*** ENTRIES SHOWN ***

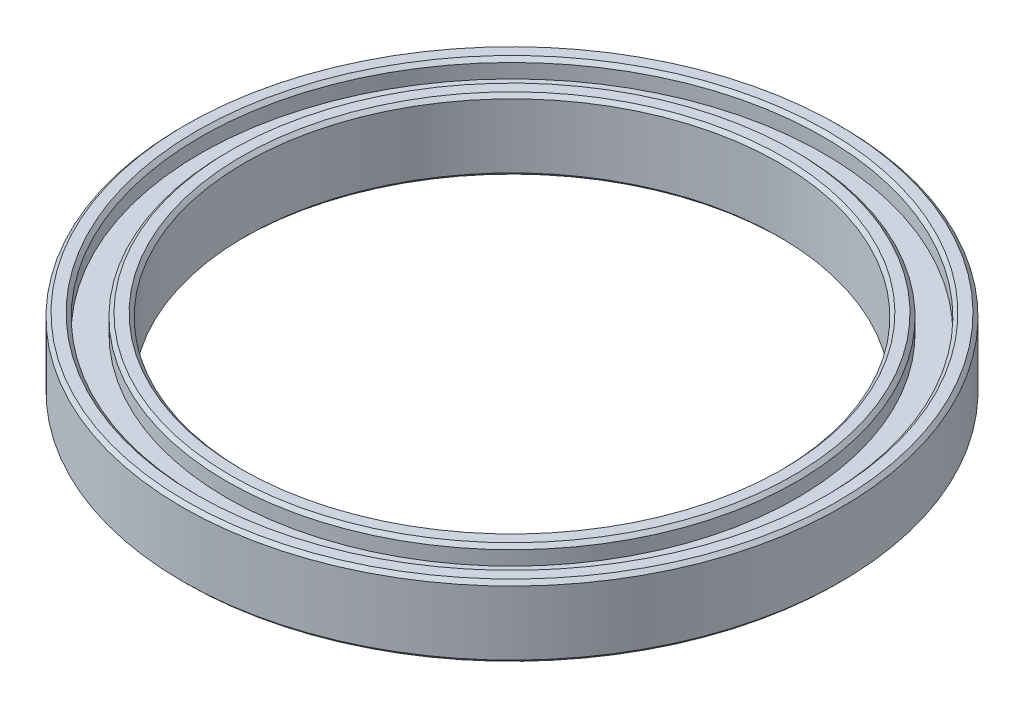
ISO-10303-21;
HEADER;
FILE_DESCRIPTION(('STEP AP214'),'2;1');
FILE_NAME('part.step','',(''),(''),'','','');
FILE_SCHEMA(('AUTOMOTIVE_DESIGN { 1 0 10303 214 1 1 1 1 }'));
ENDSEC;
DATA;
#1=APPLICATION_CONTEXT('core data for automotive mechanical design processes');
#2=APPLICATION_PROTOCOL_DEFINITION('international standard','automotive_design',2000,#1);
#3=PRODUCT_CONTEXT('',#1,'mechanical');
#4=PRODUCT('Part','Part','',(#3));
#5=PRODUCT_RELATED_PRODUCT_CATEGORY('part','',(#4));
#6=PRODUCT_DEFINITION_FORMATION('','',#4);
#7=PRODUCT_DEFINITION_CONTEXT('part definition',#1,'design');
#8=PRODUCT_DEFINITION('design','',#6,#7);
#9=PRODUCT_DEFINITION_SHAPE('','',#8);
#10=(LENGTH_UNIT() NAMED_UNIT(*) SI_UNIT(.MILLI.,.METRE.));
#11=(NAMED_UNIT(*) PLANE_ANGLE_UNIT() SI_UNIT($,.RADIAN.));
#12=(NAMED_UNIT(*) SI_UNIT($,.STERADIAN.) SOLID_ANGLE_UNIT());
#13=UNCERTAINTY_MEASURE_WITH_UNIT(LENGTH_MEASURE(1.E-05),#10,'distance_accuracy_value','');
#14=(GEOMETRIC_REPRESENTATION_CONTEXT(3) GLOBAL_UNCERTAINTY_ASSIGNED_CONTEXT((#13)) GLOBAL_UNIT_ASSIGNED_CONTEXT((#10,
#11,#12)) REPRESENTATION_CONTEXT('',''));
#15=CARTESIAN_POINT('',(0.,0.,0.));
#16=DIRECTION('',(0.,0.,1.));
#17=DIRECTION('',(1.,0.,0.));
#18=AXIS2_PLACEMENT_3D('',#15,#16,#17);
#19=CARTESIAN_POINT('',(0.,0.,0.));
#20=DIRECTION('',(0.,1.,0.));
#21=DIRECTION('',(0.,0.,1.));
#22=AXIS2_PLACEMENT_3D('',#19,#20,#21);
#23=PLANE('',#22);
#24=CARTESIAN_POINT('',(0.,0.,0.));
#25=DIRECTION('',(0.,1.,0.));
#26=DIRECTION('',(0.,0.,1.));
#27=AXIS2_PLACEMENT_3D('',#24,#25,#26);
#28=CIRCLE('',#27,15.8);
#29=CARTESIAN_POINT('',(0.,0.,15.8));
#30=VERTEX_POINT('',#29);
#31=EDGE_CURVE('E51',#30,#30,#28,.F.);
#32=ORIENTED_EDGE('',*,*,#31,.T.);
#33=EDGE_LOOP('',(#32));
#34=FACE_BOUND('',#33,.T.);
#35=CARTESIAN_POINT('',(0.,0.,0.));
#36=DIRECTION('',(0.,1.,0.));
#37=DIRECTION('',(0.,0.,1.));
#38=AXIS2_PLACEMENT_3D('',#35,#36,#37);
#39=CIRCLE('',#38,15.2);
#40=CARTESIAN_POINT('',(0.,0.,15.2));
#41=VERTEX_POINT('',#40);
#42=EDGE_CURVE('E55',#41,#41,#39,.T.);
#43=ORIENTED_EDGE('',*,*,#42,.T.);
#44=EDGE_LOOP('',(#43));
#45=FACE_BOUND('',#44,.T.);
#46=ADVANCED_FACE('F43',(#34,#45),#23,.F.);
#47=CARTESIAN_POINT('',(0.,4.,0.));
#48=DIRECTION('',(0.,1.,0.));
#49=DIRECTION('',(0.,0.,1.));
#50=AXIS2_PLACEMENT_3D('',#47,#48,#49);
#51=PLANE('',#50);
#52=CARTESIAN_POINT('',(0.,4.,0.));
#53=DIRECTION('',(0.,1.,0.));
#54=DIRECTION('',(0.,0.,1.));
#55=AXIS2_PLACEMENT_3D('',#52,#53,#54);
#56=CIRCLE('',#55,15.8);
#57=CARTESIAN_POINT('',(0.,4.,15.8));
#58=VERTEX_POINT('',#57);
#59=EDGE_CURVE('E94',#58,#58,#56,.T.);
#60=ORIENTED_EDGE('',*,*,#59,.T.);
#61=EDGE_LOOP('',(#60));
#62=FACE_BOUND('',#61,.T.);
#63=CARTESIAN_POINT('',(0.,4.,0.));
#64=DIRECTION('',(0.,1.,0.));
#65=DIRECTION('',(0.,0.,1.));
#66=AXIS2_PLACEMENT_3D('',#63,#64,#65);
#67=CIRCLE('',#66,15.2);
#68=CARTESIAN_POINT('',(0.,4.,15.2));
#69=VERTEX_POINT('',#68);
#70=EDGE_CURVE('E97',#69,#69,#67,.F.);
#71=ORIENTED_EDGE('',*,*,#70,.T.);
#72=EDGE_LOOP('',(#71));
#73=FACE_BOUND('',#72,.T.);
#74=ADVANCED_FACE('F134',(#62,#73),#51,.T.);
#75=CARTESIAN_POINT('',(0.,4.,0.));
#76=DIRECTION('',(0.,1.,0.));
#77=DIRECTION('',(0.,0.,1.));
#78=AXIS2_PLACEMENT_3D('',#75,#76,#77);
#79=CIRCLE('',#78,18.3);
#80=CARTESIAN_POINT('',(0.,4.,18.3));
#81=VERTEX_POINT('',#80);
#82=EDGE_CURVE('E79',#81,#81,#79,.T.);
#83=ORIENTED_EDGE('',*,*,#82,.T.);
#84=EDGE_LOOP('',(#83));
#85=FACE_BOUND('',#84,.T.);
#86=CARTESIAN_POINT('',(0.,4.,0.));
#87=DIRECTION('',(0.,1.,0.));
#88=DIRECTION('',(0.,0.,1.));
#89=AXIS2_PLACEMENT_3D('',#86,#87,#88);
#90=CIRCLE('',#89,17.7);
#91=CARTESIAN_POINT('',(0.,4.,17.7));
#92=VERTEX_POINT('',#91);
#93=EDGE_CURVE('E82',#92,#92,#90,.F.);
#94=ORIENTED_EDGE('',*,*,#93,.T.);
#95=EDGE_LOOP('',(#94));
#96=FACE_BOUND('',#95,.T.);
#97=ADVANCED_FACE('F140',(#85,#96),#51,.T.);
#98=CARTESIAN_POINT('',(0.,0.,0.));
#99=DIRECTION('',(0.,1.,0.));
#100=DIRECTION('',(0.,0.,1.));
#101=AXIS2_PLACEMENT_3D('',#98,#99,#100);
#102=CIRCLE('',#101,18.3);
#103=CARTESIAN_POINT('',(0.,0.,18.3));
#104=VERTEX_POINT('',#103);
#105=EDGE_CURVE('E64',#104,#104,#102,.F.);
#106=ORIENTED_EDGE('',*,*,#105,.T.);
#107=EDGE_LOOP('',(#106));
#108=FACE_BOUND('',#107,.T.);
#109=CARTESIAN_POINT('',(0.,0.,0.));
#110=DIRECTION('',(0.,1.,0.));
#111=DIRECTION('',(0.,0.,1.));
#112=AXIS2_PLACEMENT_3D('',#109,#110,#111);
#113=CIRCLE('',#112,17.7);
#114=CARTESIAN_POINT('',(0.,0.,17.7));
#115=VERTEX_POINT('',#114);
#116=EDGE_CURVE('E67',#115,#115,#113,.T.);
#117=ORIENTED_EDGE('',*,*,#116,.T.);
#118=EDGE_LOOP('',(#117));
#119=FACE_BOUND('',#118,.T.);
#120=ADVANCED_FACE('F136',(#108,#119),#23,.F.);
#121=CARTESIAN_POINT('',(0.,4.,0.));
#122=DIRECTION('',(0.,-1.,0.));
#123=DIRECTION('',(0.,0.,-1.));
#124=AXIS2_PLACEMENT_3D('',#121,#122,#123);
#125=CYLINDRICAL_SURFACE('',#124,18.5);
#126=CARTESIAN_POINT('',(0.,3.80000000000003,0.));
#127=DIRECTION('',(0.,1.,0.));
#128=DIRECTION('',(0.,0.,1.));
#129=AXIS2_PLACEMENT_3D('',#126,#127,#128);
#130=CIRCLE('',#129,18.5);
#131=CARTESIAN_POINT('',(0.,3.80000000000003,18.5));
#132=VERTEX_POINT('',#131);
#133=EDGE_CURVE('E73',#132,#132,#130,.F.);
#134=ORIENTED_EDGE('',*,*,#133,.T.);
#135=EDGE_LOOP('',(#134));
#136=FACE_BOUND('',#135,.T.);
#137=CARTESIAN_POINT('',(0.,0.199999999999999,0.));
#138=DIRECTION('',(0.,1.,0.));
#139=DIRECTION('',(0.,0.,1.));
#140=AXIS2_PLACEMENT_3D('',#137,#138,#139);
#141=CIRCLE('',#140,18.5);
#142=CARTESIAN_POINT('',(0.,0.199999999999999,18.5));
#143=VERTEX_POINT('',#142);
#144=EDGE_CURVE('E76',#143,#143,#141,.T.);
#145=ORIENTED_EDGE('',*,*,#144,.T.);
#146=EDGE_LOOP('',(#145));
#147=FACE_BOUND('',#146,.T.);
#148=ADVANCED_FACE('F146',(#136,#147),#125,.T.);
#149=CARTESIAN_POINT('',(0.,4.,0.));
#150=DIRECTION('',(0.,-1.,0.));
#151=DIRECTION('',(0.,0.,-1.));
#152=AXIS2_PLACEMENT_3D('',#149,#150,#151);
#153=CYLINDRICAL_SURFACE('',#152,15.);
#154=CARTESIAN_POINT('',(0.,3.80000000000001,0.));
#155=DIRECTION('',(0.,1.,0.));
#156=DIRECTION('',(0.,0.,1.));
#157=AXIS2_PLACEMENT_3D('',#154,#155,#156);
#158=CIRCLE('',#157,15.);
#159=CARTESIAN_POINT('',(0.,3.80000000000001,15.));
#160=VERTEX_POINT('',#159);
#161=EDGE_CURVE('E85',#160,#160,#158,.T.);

*** End of ENTRIES SHOWN ***

WHAT THE TASK ASKS »
Reproduce exactly the lines of the entries above from the first through the line with "#6=PRODUCT_DEFINITION_FORMATION('','',#4);", both included; pictures should not be reproduced.

ANSWER TO THIS TASK »
ISO-10303-21;
HEADER;
FILE_DESCRIPTION(('STEP AP214'),'2;1');
FILE_NAME('part.step','',(''),(''),'','','');
FILE_SCHEMA(('AUTOMOTIVE_DESIGN { 1 0 10303 214 1 1 1 1 }'));
ENDSEC;
DATA;
#1=APPLICATION_CONTEXT('core data for automotive mechanical design processes');
#2=APPLICATION_PROTOCOL_DEFINITION('international standard','automotive_design',2000,#1);
#3=PRODUCT_CONTEXT('',#1,'mechanical');
#4=PRODUCT('Part','Part','',(#3));
#5=PRODUCT_RELATED_PRODUCT_CATEGORY('part','',(#4));
#6=PRODUCT_DEFINITION_FORMATION('','',#4);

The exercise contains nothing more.